- _RECORDS_
Segment Open
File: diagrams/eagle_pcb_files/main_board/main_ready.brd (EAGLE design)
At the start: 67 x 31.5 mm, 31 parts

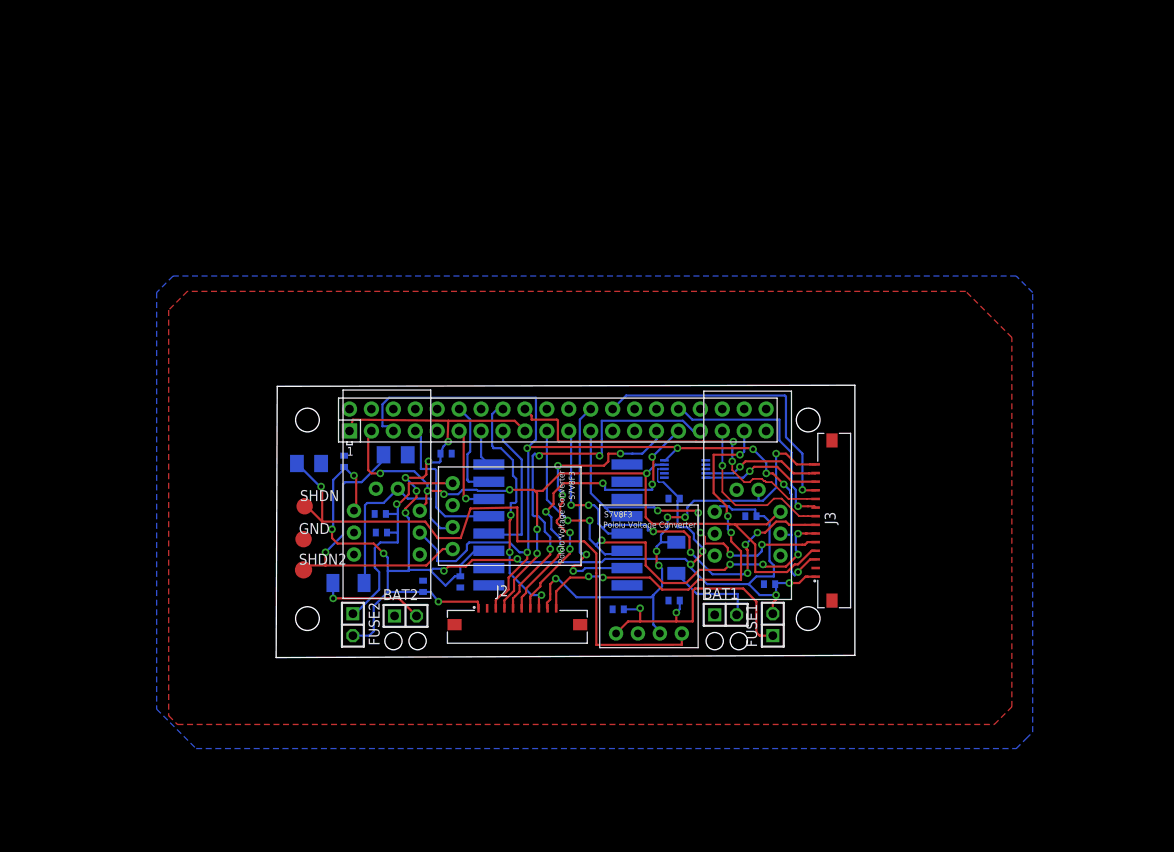
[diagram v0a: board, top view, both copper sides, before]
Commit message: Main board with wider routes and slightly less vias
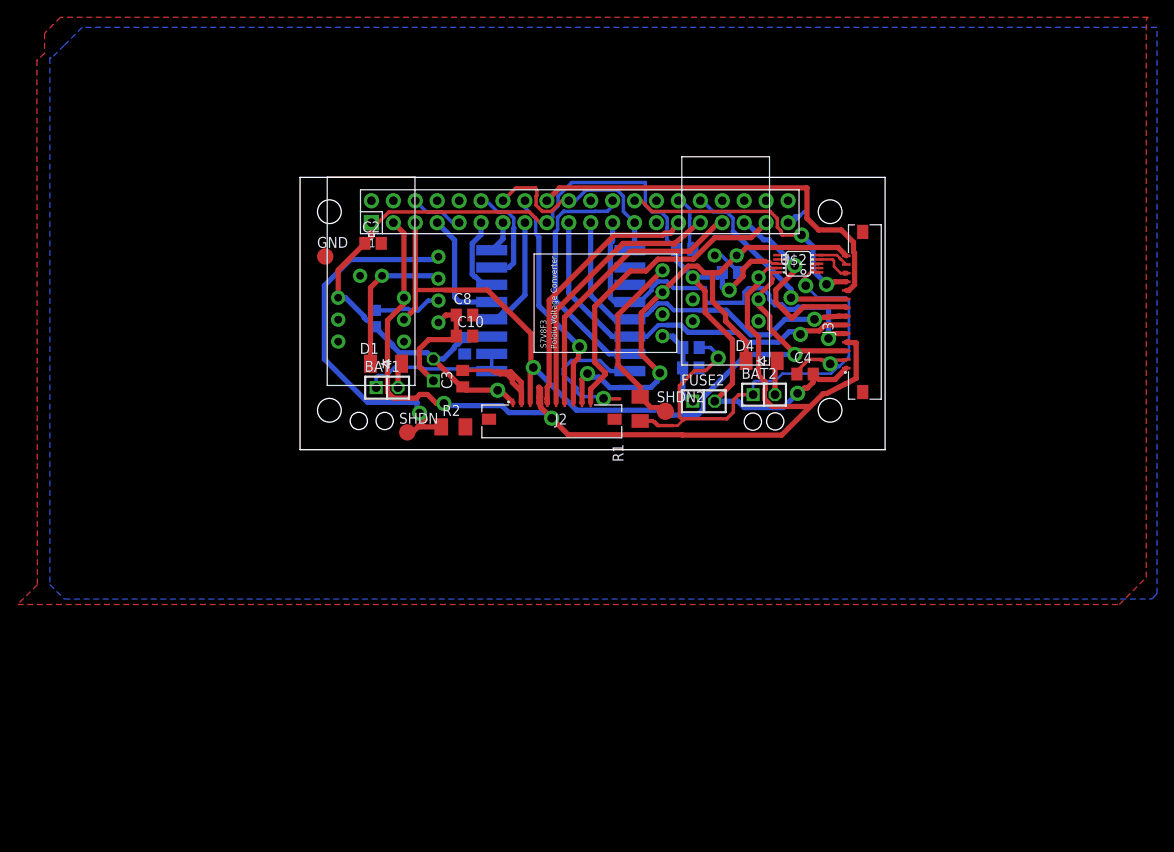
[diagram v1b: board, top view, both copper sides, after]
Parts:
- C1, C2, C3, C4, C6, C7: value (none) -> 100nF; device rcl:C0402 -> rcl:C0805
- C10, C11, C8, C9: device rcl:C0402 -> rcl:C0805
- C5: value 100 nF -> 100nF; device rcl:C0402 -> rcl:C0805
- R1, R2: value (none) -> 4.7k
- moved D4 54.3 mm to (108.2, 37.2), flipped to the top
- moved U$3 50.2 mm to (62.9, 38.1)
- moved C7 49.2 mm to (63.3, 42.1), turned to 90 degrees
- moved FUSE1 49.2 mm to (70.2, 36.1), flipped to the bottom
- moved BAT2 48.8 mm to (108.5, 33.2)
- moved FUSE2 48.2 mm to (101.5, 32.5), turned to 0 degrees
- moved U$9 47.6 mm to (104.0, 40.5)
- moved BAT1 47.2 mm to (64.8, 34.1)
- moved C6 46.5 mm to (99.3, 50.1), turned to 180 degrees
- moved SHDN2 45.8 mm to (97.0, 31.3)
- moved C8 41.0 mm to (73.8, 42.5), flipped to the top
- moved C9 40.8 mm to (100.0, 38.7), turned to 0 degrees
- moved C11 40.6 mm to (100.0, 36.3), turned to 0 degrees
- moved D1 40.5 mm to (64.7, 36.8), flipped to the top, turned to 0 degrees
- moved RAO3 38.0 mm to (77.1, 45.4), flipped to the bottom, turned to 90 degrees
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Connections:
- net A0: now also J3.12; no longer J3.13
- net A1: now also J3.13; no longer J3.12
- net B1: now also RAO2.33; no longer RAO2.29
- net B3: now also RAO2.29; no longer RAO2.33
- net GND: now also RAO2.14, U$2.1
- net VIN1: no longer J2.9, J3.14
- net VIN2: now also J2.9, J3.14
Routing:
- net GND: track 0.00 -> 176.1 mm, vias 0 -> 4
- net 3.3V: track 190.3 -> 144.9 mm, vias 15 -> 3
- net VIN1: track 57.9 -> 17.4 mm, vias 6 -> 0
- net VIN2: track 23.3 -> 61.4 mm, vias 0 -> 2
- net SHDN: track 72.3 -> 43.7 mm
- net SCL: track 115.1 -> 90.7 mm, vias 7 -> 2
- net SDA: track 96.6 -> 116.0 mm, vias 7 -> 2
- net VOUT1: track 32.8 -> 14.1 mm, vias 2 -> 0
- net VOUT2: track 27.5 -> 9.97 mm, vias 1 -> 0
- net SHDN2: track 35.0 -> 21.5 mm, vias 1 -> 0
- net B3: track 44.8 -> 31.4 mm, vias 3 -> 0
- net BUZ: track 47.1 -> 36.2 mm, vias 5 -> 0
- net A1: track 14.0 -> 3.67 mm, vias 1 -> 0
- net MOSI: track 54.9 -> 44.9 mm, vias 7 -> 1
- net A0: track 13.9 -> 4.22 mm, vias 1 -> 0
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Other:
- board size 67 x 31.5 mm -> 67.8 x 31.5 mm

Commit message: prepare main board for production
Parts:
- moved C5 1.42 mm to (103.1, 47.4)
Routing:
- net GND: track 176.1 -> 190.1 mm, vias 4 -> 5
- net DIO1: track 9.23 -> 11.0 mm
- net 3.3V: track 144.9 -> 146.6 mm
- net SCK: track 46.3 -> 47.5 mm
- net RESET: track 13.4 -> 14.2 mm
- net G3: track 47.0 -> 47.7 mm
- net G1: track 22.6 -> 22.0 mm

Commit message: make board-schematic consistent
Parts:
- FUSE1, FUSE2: value (none) -> 1.5A
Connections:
- removed net 5V0@1: RAO2.2
- removed net 5V0@2: RAO2.4
- removed net RX: RAO2.10
- removed net TX: RAO2.8
- new net 5V: RAO2.2, RAO2.4
- net GND: no longer U$2.1
- net VIN2: no longer J2.9, J3.14
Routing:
- net VIN2: track 61.4 -> 37.4 mm, vias 2 -> 1
- net GND: track 190.1 -> 185.7 mm
- net A0: track 4.22 -> 0.00 mm
- net A1: track 3.81 -> 0.00 mm
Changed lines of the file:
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@@
 <attribute name="VALUE" x="105.1306" y="34.7472" size="1.27" layer="27"/>
 </element>
-<element name="FUSE1" library="pinhead" package="1X02" value="" x="70.1548" y="36.1188" smashed="yes" rot="MR90">
+<element name="FUSE1" library="pinhead" package="1X02" value="1.5A" x="70.1548" y="36.1188" smashed="yes" rot="MR90">
 <attribute name="NAME" x="71.9836" y="33.5026" size="1.27" layer="26" ratio="10" rot="MR90"/>
 <attribute name="VALUE" x="66.9798" y="33.5788" size="1.27" layer="28" rot="MR90"/>
 </element>
-<element name="FUSE2" library="pinhead" package="1X02" value="" x="101.473" y="32.4866" smashed="yes">
+<element name="FUSE2" library="pinhead" package="1X02" value="1.5A" x="101.473" y="32.4866" smashed="yes">
 <attribute name="NAME" x="98.8568" y="34.3154" size="1.27" layer="25" ratio="10"/>
 <attribute name="VALUE" x="98.933" y="29.3116" size="1.27" layer="27"/>
@@
 <contactref element="C4" pad="1"/>
 <contactref element="J3" pad="2"/>
-<contactref element="U$2" pad="3"/>
 <contactref element="C5" pad="1"/>
 <contactref element="GND" pad="TP"/>
@@
 <contactref element="RAO1" pad="9"/>
 <contactref element="RAO1" pad="16"/>
-<contactref element="U$2" pad="1"/>
 <contactref element="RAO2" pad="9"/>
 <contactref element="RAO2" pad="39"/>
@@
 <wire x1="81.9912" y1="57.2008" x2="81.8642" y2="57.2008" width="0.4064" layer="1"/>
 <wire x1="81.8642" y1="57.2008" x2="79.7108" y2="57.2008" width="0.4064" layer="1"/>
-<wire x1="79.7108" y1="57.2008" x2="78.22" y2="55.71" width="0.4064" layer="1"/>
 <wire x1="80.3708" y1="32.3038" x2="80.3708" y2="33.599" width="0.6096" layer="1"/>
 <wire x1="79.2988" y1="34.671" x2="79.2988" y2="35.0012" width="0.6096" layer="1"/>
@@
 <wire x1="63.5254" y1="35.2298" x2="63.5254" y2="34.0614" width="0.4064" layer="16"/>
 <wire x1="65.4662" y1="36.2308" x2="64.6938" y2="35.4584" width="0.4064" layer="16"/>
-<wire x1="114.8204" y1="47.4124" x2="113.8204" y2="47.4124" width="0.254" layer="1"/>
-<wire x1="113.8204" y1="47.4124" x2="113.6077" y2="47.1997" width="0.254" layer="1"/>
 <wire x1="113.6077" y1="47.1997" x2="113.087" y2="46.679" width="0.254" layer="1"/>
-<wire x1="114.8204" y1="48.4124" x2="113.6142" y2="48.4124" width="0.254" layer="1"/>
-<wire x1="113.6142" y1="48.4124" x2="113.6077" y2="47.1997" width="0.254" layer="1"/>
 <wire x1="81.8642" y1="57.2008" x2="82.0166" y2="57.0484" width="0.3048" layer="1"/>
 <wire x1="82.0166" y1="57.0484" x2="82.0166" y2="54.8386" width="0.3048" layer="1"/>
@@
 <via x="119.761" y="54.4068" extent="1-16" drill="0.35" diameter="1"/>
 <wire x1="119.634" y1="56.6928" x2="119.8626" y2="56.4642" width="0.6096" layer="16"/>
+<contactref element="U$2" pad="3"/>
+<wire x1="114.8204" y1="48.4124" x2="113.3856" y2="48.4124" width="0.2032" layer="1"/>
 </signal>
 <signal name="NSS">
@@
 <contactref element="D4" pad="C"/>
 <contactref element="U$9" pad="+"/>
-<contactref element="J2" pad="9"/>
 <wire x1="106.3786" y1="37.1602" x2="106.3786" y2="39.3954" width="0.6096" layer="1"/>
 <wire x1="106.3786" y1="39.3954" x2="104.013" y2="41.761" width="0.6096" layer="1"/>
-<contactref element="J3" pad="14"/>
-<wire x1="87.3708" y1="32.3038" x2="87.376" y2="32.309" width="0.6096" layer="1"/>
-<wire x1="103.279575" y1="47.374175" x2="105.283" y2="49.3776" width="0.6096" layer="1"/>
 <wire x1="104.013" y1="41.761" x2="104.013" y2="42.5196" width="0.6096" layer="1"/>
 <wire x1="101.4984" y1="47.374175" x2="100.739575" y2="48.133" width="0.3048" layer="1"/>
@@
 <wire x1="99.666425" y1="48.133" x2="96.6978" y2="45.164375" width="0.3048" layer="1"/>
 <wire x1="101.4984" y1="47.374175" x2="102.489" y2="47.374175" width="0.3048" layer="1"/>
-<wire x1="102.489" y1="47.374175" x2="103.279575" y2="47.374175" width="0.6096" layer="1"/>
-<wire x1="105.5116" y1="49.3776" x2="106.426" y2="50.292" width="0.6096" layer="1"/>
-<wire x1="105.5116" y1="49.3776" x2="105.283" y2="49.3776" width="0.6096" layer="1"/>
-<wire x1="117.0204" y1="50.292" x2="117.988" y2="49.3244" width="0.6096" layer="1"/>
-<wire x1="106.426" y1="50.292" x2="117.0204" y2="50.292" width="0.6096" layer="1"/>
-<wire x1="87.376" y1="35.052" x2="88.011" y2="35.687" width="0.6096" layer="1"/>
-<via x="88.011" y="35.687" extent="1-16" drill="0.3" diameter="1" shape="octagon"/>
-<wire x1="88.011" y1="35.687" x2="88.4174" y2="35.2806" width="0.6096" layer="16"/>
-<wire x1="88.4174" y1="35.2806" x2="89.3826" y2="35.2806" width="0.6096" layer="16"/>
-<wire x1="89.3826" y1="35.2806" x2="90.6018" y2="34.0614" width="0.6096" layer="16"/>
 <wire x1="91.6686" y1="34.0614" x2="91.694" y2="34.0868" width="0.6096" layer="16"/>
-<wire x1="87.376" y1="32.309" x2="87.376" y2="35.052" width="0.6096" layer="1"/>
 <wire x1="90.6018" y1="34.0614" x2="91.6686" y2="34.0614" width="0.6096" layer="16"/>
 <wire x1="91.694" y1="34.0868" x2="95.3516" y2="34.0868" width="0.6096" layer="16"/>
@@
 <wire x1="94.234" y1="42.700575" x2="96.6978" y2="45.164375" width="0.6096" layer="1"/>
 <wire x1="94.234" y1="37.9222" x2="94.234" y2="42.700575" width="0.6096" layer="1"/>
+<wire x1="102.489" y1="47.374175" x2="105.283" y2="49.3776" width="0" layer="19" extent="1-1"/>
 </signal>
 <signal name="SCK">
@@
 <wire x1="109.9954" y1="53.63473125" x2="109.9954" y2="52.336" width="0.3048" layer="1"/>
 </signal>
-<signal name="5V0@1">
-<contactref element="RAO2" pad="2"/>
-</signal>
-<signal name="5V0@2">
-<contactref element="RAO2" pad="4"/>
-</signal>
-<signal name="TX">
-<contactref element="RAO2" pad="8"/>
-</signal>
-<signal name="RX">
-<contactref element="RAO2" pad="10"/>
-</signal>
 <signal name="SHDN">
 <contactref element="RAO3" pad="SHDN"/>
@@
 <contactref element="U$2" pad="4"/>
 <contactref element="J3" pad="12"/>
-<wire x1="117.7798" y1="47.3244" x2="117.3268" y2="47.3244" width="0.3048" layer="1"/>
-<wire x1="117.3268" y1="47.3244" x2="117.3226" y2="47.3202" width="0.3048" layer="1"/>
-<wire x1="117.3226" y1="47.3202" x2="116.5606" y2="48.0822" width="0.3048" layer="1"/>
-<wire x1="116.5606" y1="48.0822" x2="116.5606" y2="48.7426" width="0.3048" layer="1"/>
-<wire x1="116.3908" y1="48.9124" x2="116.5606" y2="48.7426" width="0.3048" layer="1"/>
-<wire x1="117.988" y1="47.3244" x2="117.7798" y2="47.3244" width="0.6096" layer="1"/>
-<wire x1="114.8204" y1="48.9124" x2="116.3908" y2="48.9124" width="0.254" layer="1"/>
+<wire x1="117.988" y1="47.3244" x2="114.8204" y2="48.9124" width="0" layer="19" extent="1-1"/>
 </signal>
 <signal name="A1">
 <contactref element="U$2" pad="5"/>
 <contactref element="J3" pad="13"/>
-<wire x1="114.8204" y1="49.4124" x2="116.9" y2="49.4124" width="0.254" layer="1"/>
-<wire x1="116.9" y1="49.4124" x2="116.9" y2="49.089" width="0.254" layer="1"/>
-<wire x1="117.6646" y1="48.3244" x2="117.988" y2="48.3244" width="0.254" layer="1"/>
-<wire x1="116.9" y1="49.089" x2="117.6646" y2="48.3244" width="0.254" layer="1"/>
+<wire x1="114.8204" y1="49.4124" x2="117.988" y2="48.3244" width="0" layer="19" extent="1-1"/>
 </signal>
 <signal name="BUZ">
@@
 <wire x1="89.6112" y1="36.2458" x2="89.6112" y2="35.1282" width="0.3048" layer="1"/>
 </signal>
+<signal name="5V">
+<contactref element="RAO2" pad="4"/>
+<contactref element="RAO2" pad="2"/>
+<wire x1="62.98" y1="55.71" x2="65.52" y2="55.71" width="0" layer="19" extent="1-1"/>
+</signal>
 </signals>

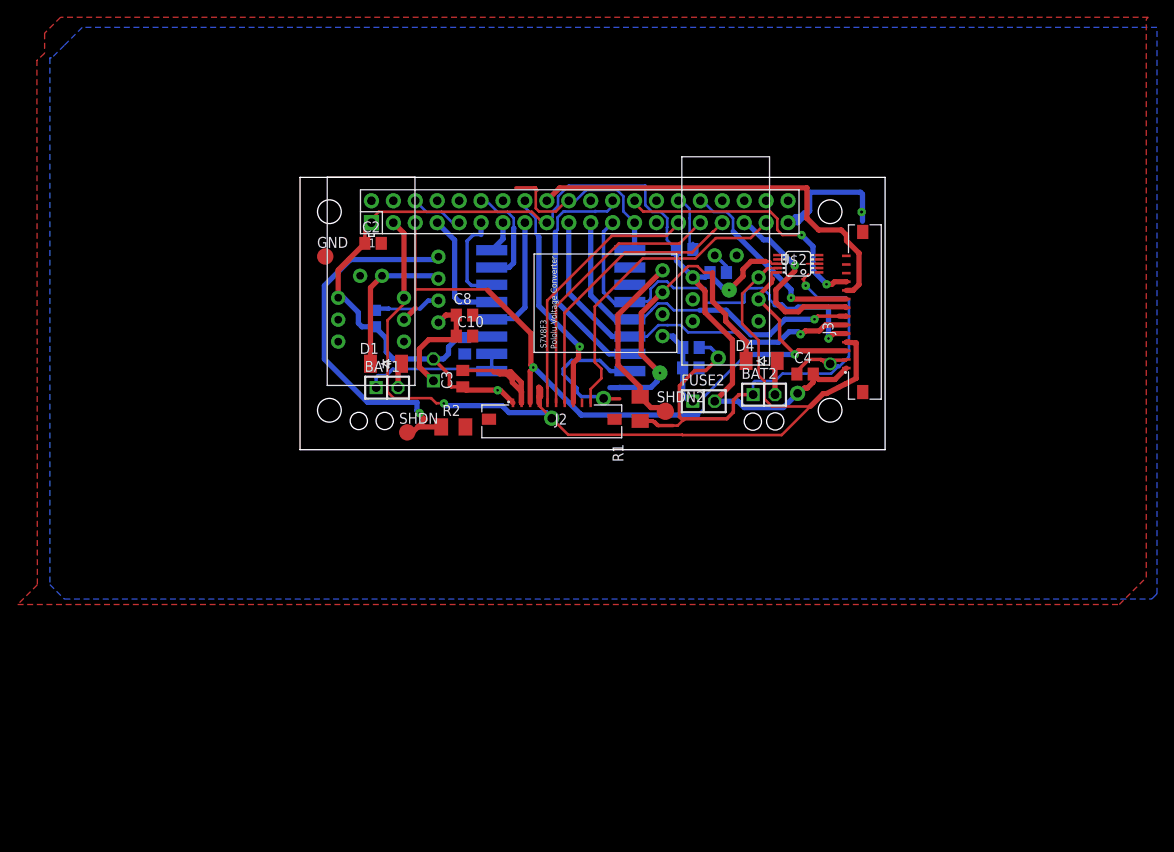
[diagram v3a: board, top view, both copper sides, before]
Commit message: remove res from safetypin, fix fuel gauge circuit, add jumper to ommit fuel gauge
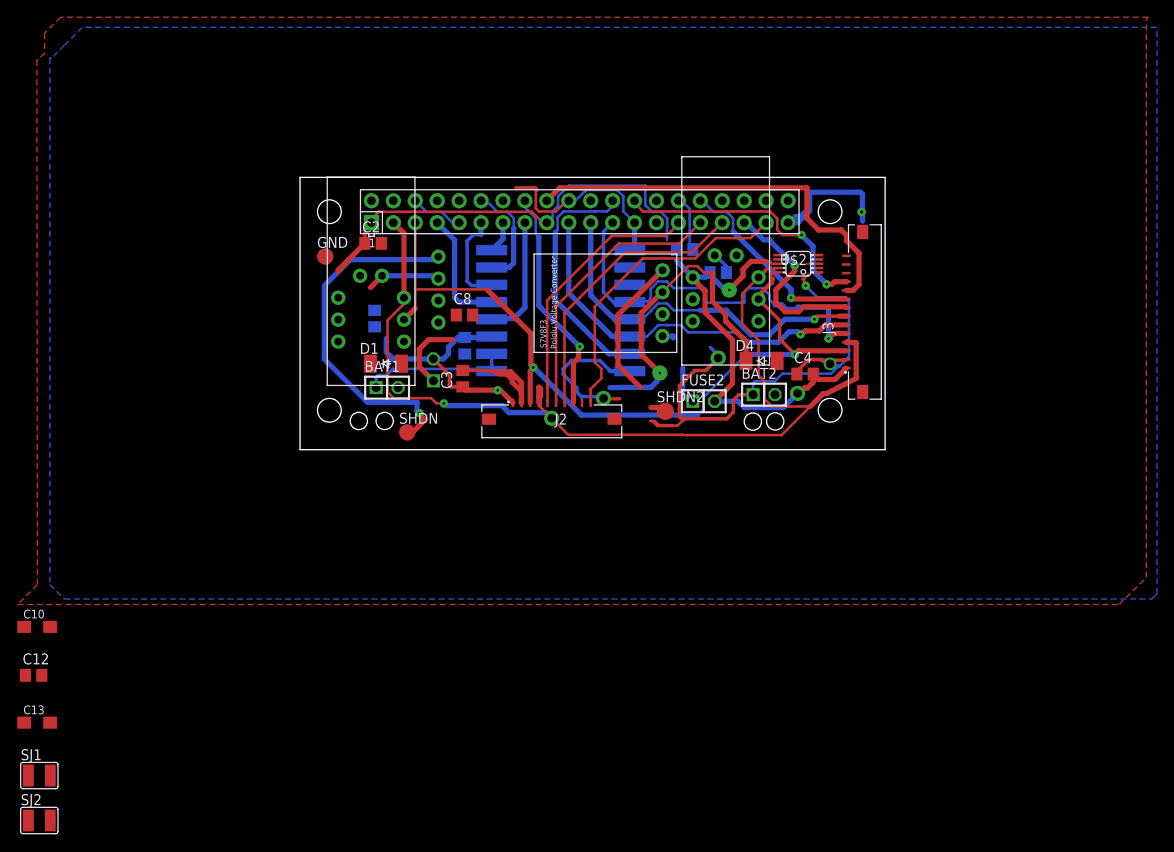
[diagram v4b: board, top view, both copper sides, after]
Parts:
- removed C11: 10 uF, rcl:C0805
- removed C9: 100 nF, rcl:C0805
- removed R1, R2: 4.7k, rcl:M1206
- added C12: 100 nF, rcl:C0805
- added C13: 10uF, rcl:SMC_A
- added SJ1, SJ2: (no value), jumper:SJW
- C10: value 10 uF -> 10uF; device rcl:C0805 -> rcl:SMC_A
- moved C10 59.9 mm to (24.3, 6.35)
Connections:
- removed net SHDN: R2.1, RAO3.SHDN, SHDN.TP
- new net A: D1.C, RAO3.VIN
- new net B: D4.C, RAO4.VIN
- new net SHDN1: RAO3.SHDN, SHDN.TP
- net 3.3V: no longer C6.1, C7.1, U$3.VCC, U$9.VCC
- net BIN1: now also SJ1.1, U$3.+; no longer D1.A
- net BIN2: now also SJ2.1, U$9.+; no longer D4.A
- net GND: now also C10.-, C12.2, C13.-, C6.1; no longer C10.2, C11.1, C6.2, C9.1, R1.1, R2.2
- net SHDN2: no longer R1.2
- net VIN1: now also C7.1, D1.A, SJ1.2, U$3.VCC; no longer D1.C, RAO3.VIN, U$3.+
- net VIN2: now also C6.2, D4.A, J3.14, SJ2.2, U$9.VCC; no longer D4.C, RAO4.VIN, U$9.+
- net VOUT1: now also C10.+; no longer C10.1
- net VOUT2: now also C12.1, C13.+; no longer C11.2, C9.2
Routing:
- net SHDN: track 43.7 -> 0.00 mm, vias 1 -> 0
- net SHDN1: track 0.00 -> 41.0 mm, vias 0 -> 1
- net VIN2: track 37.4 -> 0.00 mm, vias 1 -> 0
- net B: track 0.00 -> 37.4 mm, vias 0 -> 1
- net VIN1: track 17.4 -> 0.00 mm
- net 3.3V: track 146.6 -> 131.8 mm
- net GND: track 185.7 -> 171.3 mm
- net VOUT1: track 14.1 -> 8.68 mm
- net BIN1: track 2.94 -> 8.12 mm
- net BIN2: track 4.02 -> 0.00 mm
- net VOUT2: track 9.97 -> 5.99 mm
- net SHDN2: track 21.5 -> 18.6 mm
Segment Closed
Every line that includes "package" must be copied from the material above.

-<element name="FUSE1" library="pinhead" package="1X02" value="" x="70.1548" y="36.1188" smashed="yes" rot="MR90">
+<element name="FUSE1" library="pinhead" package="1X02" value="1.5A" x="70.1548" y="36.1188" smashed="yes" rot="MR90">
-<element name="FUSE2" library="pinhead" package="1X02" value="" x="101.473" y="32.4866" smashed="yes">
+<element name="FUSE2" library="pinhead" package="1X02" value="1.5A" x="101.473" y="32.4866" smashed="yes">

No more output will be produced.